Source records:
- - - - - - -
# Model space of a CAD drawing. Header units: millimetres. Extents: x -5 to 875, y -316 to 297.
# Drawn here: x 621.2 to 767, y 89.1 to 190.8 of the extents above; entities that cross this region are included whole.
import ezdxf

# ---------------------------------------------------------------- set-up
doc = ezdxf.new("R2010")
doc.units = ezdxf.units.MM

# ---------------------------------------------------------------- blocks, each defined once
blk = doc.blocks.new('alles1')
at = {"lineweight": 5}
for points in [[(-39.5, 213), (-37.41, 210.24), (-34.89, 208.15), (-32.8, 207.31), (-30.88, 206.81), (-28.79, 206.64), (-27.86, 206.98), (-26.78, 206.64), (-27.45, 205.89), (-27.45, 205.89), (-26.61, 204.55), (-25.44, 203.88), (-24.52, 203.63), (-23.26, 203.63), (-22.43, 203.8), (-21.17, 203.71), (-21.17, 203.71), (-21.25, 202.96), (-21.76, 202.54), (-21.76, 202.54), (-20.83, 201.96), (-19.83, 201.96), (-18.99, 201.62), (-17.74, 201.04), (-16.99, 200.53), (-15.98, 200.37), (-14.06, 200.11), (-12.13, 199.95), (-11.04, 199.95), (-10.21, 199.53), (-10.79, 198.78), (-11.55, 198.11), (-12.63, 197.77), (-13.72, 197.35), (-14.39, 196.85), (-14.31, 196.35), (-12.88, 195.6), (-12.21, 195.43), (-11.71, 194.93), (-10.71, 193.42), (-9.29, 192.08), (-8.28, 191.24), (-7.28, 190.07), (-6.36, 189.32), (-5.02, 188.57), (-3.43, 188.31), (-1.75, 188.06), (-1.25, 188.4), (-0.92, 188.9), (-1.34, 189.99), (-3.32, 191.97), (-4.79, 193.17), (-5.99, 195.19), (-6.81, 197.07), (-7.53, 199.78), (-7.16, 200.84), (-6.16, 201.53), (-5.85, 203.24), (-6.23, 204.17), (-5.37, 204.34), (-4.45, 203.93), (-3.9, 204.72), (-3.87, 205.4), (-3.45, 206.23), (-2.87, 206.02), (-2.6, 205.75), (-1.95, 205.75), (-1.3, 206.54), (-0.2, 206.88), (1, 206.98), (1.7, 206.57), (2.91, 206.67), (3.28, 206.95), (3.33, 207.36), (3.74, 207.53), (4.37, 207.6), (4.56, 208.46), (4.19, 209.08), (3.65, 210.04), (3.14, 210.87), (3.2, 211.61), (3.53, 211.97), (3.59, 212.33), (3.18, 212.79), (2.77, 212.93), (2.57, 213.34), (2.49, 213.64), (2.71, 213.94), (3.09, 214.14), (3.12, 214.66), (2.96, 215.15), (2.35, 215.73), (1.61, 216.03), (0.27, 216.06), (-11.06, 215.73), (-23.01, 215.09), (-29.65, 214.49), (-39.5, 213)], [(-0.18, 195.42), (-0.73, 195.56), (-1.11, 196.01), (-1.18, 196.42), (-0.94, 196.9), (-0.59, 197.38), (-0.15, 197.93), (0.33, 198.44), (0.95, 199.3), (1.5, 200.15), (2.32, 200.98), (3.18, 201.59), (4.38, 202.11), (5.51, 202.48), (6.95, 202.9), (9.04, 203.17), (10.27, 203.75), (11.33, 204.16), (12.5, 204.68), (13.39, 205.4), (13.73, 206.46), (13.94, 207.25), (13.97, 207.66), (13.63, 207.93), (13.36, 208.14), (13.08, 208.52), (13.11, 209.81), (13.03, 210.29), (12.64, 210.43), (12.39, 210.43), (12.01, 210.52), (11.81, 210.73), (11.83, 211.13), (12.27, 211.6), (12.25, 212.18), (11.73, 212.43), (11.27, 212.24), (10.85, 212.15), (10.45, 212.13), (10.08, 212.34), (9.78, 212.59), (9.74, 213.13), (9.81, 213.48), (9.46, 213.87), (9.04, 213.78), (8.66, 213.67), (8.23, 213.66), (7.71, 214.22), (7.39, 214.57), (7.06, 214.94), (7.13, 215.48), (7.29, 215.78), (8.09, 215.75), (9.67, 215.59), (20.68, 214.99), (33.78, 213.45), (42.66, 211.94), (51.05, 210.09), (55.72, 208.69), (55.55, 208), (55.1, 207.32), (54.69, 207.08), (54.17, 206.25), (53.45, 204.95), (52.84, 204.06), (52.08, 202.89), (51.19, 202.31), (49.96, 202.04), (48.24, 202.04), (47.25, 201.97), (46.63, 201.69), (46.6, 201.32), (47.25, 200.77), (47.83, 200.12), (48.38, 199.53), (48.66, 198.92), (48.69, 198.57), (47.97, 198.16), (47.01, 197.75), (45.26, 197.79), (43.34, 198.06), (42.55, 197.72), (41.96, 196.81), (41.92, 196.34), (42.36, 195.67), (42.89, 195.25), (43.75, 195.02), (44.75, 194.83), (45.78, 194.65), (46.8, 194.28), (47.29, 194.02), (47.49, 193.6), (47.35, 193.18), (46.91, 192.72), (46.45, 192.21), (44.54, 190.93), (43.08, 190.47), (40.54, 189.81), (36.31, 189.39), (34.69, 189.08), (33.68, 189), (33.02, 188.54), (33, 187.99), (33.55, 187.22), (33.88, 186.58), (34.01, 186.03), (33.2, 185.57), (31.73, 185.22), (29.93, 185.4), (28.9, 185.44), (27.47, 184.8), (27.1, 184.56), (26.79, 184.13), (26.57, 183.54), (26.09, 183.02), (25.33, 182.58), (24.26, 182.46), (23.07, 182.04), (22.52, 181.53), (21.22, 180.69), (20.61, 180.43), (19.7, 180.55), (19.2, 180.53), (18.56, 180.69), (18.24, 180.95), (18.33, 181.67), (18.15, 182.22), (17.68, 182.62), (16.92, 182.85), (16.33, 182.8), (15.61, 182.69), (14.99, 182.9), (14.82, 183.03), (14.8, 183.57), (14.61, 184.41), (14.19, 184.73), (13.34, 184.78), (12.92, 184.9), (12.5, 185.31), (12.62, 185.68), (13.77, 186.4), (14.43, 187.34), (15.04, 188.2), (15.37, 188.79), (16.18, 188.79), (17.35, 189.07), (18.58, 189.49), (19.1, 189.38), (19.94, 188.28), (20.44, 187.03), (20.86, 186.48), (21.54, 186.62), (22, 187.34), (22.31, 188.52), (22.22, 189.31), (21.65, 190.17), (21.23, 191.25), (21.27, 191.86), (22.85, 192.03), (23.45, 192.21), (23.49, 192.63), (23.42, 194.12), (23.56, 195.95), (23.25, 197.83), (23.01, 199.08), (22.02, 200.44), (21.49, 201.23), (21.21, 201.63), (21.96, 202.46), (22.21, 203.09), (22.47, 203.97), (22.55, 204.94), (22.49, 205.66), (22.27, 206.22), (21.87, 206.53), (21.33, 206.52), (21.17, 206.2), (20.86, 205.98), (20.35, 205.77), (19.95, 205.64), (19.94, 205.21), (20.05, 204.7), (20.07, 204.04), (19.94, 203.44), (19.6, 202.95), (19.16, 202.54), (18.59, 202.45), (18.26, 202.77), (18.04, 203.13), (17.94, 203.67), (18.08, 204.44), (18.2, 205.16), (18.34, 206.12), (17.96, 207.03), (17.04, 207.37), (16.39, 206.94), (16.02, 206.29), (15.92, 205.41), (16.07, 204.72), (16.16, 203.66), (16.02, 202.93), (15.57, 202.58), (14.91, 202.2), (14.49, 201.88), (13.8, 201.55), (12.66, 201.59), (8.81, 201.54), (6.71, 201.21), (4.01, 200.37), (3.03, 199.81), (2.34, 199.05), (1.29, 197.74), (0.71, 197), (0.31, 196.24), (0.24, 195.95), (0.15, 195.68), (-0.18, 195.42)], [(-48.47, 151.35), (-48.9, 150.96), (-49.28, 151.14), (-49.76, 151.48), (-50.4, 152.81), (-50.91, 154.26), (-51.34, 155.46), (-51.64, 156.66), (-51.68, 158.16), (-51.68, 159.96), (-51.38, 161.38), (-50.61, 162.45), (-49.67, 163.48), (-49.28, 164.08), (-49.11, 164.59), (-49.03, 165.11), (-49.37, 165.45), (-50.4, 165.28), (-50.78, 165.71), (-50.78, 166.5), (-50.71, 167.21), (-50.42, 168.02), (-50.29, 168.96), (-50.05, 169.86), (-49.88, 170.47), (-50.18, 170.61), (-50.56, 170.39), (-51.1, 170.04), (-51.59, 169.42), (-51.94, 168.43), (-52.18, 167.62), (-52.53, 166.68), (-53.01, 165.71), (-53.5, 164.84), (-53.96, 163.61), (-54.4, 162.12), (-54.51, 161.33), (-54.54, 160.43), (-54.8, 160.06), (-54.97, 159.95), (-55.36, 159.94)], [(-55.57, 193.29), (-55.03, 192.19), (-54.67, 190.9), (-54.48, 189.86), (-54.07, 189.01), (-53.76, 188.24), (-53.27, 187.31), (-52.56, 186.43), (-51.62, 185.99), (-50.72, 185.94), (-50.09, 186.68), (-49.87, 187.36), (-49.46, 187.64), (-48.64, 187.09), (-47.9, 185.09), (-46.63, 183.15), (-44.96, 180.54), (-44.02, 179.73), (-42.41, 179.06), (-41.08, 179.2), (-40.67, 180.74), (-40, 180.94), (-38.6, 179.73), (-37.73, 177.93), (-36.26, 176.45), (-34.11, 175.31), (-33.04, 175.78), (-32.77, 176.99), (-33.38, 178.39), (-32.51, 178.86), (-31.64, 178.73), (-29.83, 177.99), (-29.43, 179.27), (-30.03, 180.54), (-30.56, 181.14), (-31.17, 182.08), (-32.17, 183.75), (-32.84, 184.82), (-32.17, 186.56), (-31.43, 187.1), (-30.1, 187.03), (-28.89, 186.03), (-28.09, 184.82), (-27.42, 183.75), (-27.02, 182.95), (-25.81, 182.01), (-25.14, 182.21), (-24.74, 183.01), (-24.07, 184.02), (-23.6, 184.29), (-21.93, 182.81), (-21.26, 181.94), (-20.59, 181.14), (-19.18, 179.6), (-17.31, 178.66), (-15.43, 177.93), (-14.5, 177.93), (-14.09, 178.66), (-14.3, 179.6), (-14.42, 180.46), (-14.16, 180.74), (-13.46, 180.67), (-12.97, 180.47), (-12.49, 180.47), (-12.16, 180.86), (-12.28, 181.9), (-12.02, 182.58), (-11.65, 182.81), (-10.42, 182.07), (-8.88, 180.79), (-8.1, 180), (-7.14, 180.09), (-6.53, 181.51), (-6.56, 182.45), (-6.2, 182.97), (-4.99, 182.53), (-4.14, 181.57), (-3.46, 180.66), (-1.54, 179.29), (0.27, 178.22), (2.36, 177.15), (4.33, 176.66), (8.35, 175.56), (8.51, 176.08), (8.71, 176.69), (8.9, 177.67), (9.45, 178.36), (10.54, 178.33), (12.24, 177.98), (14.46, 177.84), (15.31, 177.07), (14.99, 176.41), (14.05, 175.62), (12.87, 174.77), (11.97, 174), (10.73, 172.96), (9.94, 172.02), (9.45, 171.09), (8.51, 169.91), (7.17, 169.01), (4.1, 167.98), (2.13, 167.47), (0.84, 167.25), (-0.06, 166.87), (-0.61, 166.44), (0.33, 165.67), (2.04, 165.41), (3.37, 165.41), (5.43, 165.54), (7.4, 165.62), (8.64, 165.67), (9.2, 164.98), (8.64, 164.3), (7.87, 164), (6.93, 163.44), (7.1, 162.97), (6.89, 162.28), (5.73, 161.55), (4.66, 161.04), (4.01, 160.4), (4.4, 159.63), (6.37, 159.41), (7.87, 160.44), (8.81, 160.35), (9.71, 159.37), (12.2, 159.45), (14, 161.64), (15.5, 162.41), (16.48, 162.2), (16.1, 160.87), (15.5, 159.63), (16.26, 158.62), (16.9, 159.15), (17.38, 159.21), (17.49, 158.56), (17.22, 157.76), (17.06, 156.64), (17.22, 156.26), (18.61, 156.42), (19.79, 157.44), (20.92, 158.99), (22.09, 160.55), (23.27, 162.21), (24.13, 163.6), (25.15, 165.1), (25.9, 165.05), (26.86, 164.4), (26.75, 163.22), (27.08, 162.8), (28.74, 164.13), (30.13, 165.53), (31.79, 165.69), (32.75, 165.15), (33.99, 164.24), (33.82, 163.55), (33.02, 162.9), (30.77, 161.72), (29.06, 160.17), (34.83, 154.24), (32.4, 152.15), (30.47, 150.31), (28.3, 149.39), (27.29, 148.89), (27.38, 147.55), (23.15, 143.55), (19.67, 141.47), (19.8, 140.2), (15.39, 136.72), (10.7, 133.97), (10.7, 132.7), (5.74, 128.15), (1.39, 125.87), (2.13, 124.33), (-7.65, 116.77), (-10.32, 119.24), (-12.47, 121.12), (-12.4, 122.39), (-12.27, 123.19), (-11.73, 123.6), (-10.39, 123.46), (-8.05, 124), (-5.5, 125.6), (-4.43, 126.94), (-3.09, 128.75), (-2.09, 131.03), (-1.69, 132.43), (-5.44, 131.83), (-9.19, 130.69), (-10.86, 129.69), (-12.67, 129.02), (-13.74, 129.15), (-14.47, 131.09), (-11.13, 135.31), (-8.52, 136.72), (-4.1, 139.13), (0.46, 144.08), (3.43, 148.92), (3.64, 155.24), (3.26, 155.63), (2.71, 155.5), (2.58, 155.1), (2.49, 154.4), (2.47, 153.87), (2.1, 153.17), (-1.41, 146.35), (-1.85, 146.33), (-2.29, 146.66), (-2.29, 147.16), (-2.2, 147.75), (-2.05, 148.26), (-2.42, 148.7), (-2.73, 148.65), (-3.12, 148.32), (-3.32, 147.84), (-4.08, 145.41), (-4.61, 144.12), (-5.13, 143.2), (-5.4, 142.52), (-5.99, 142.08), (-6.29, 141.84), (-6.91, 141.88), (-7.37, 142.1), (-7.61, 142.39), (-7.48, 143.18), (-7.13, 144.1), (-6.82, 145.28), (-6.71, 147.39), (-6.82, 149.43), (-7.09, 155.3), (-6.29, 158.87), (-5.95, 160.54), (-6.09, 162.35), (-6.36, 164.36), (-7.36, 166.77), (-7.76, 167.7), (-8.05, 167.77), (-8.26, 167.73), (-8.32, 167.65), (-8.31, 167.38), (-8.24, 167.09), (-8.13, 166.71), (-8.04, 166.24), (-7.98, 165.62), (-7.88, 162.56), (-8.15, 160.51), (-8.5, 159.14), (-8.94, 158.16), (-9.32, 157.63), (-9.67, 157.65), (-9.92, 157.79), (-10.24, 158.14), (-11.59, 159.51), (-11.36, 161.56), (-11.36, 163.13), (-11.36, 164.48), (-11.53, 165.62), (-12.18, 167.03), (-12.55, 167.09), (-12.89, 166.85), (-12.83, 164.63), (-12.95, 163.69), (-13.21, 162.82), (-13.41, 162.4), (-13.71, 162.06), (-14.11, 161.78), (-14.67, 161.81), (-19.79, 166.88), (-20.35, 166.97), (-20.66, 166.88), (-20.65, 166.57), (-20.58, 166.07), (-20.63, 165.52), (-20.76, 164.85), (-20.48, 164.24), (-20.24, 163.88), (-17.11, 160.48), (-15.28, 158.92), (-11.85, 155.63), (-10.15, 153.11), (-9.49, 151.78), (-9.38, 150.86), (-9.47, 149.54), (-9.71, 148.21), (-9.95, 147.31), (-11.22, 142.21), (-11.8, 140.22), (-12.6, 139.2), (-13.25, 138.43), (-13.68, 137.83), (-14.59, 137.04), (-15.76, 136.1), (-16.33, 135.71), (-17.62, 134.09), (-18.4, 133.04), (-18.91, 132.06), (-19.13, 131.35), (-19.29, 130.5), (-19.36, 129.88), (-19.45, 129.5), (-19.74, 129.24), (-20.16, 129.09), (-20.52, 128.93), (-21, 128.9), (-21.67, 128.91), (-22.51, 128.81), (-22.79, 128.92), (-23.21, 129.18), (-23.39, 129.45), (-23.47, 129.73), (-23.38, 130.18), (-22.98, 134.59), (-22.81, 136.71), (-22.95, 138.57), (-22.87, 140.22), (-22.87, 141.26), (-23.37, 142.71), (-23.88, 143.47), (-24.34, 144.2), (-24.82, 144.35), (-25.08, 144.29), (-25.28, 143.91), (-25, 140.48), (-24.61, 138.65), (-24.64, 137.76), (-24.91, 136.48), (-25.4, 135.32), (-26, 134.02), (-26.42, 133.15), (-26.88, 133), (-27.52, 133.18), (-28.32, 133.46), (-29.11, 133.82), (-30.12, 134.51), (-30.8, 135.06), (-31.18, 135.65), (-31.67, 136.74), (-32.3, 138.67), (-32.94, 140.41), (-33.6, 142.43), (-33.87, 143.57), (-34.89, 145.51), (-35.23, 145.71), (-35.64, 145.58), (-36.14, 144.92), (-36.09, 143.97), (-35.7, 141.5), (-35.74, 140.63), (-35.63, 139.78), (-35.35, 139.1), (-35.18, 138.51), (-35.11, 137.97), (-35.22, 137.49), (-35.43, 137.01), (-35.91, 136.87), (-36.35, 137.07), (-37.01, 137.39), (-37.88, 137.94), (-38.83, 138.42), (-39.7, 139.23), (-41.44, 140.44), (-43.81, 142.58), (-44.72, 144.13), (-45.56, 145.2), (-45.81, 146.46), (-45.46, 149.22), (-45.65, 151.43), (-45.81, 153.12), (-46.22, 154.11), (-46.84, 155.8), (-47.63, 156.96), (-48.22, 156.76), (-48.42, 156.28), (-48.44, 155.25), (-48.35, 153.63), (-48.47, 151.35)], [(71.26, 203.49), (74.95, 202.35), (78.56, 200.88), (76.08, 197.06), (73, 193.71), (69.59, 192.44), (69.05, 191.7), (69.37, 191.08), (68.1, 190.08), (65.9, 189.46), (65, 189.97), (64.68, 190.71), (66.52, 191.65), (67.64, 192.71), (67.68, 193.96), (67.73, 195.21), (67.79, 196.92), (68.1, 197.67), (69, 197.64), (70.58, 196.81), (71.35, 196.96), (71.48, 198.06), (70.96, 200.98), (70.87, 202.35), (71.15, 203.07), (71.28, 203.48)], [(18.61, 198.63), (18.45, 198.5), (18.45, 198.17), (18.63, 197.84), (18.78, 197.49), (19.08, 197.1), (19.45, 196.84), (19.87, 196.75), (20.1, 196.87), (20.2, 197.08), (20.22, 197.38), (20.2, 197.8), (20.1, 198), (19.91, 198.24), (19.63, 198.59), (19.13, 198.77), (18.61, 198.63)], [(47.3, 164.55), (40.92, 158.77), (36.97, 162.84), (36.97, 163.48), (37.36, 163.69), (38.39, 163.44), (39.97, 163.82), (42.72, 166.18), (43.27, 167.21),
- - - - - - -
WORK REQUEST :: All lines above containing the string "blocks": copy each one.

RESPONSE AREA ::
# ---------------------------------------------------------------- blocks, each defined once
blk = doc.blocks.new('alles1')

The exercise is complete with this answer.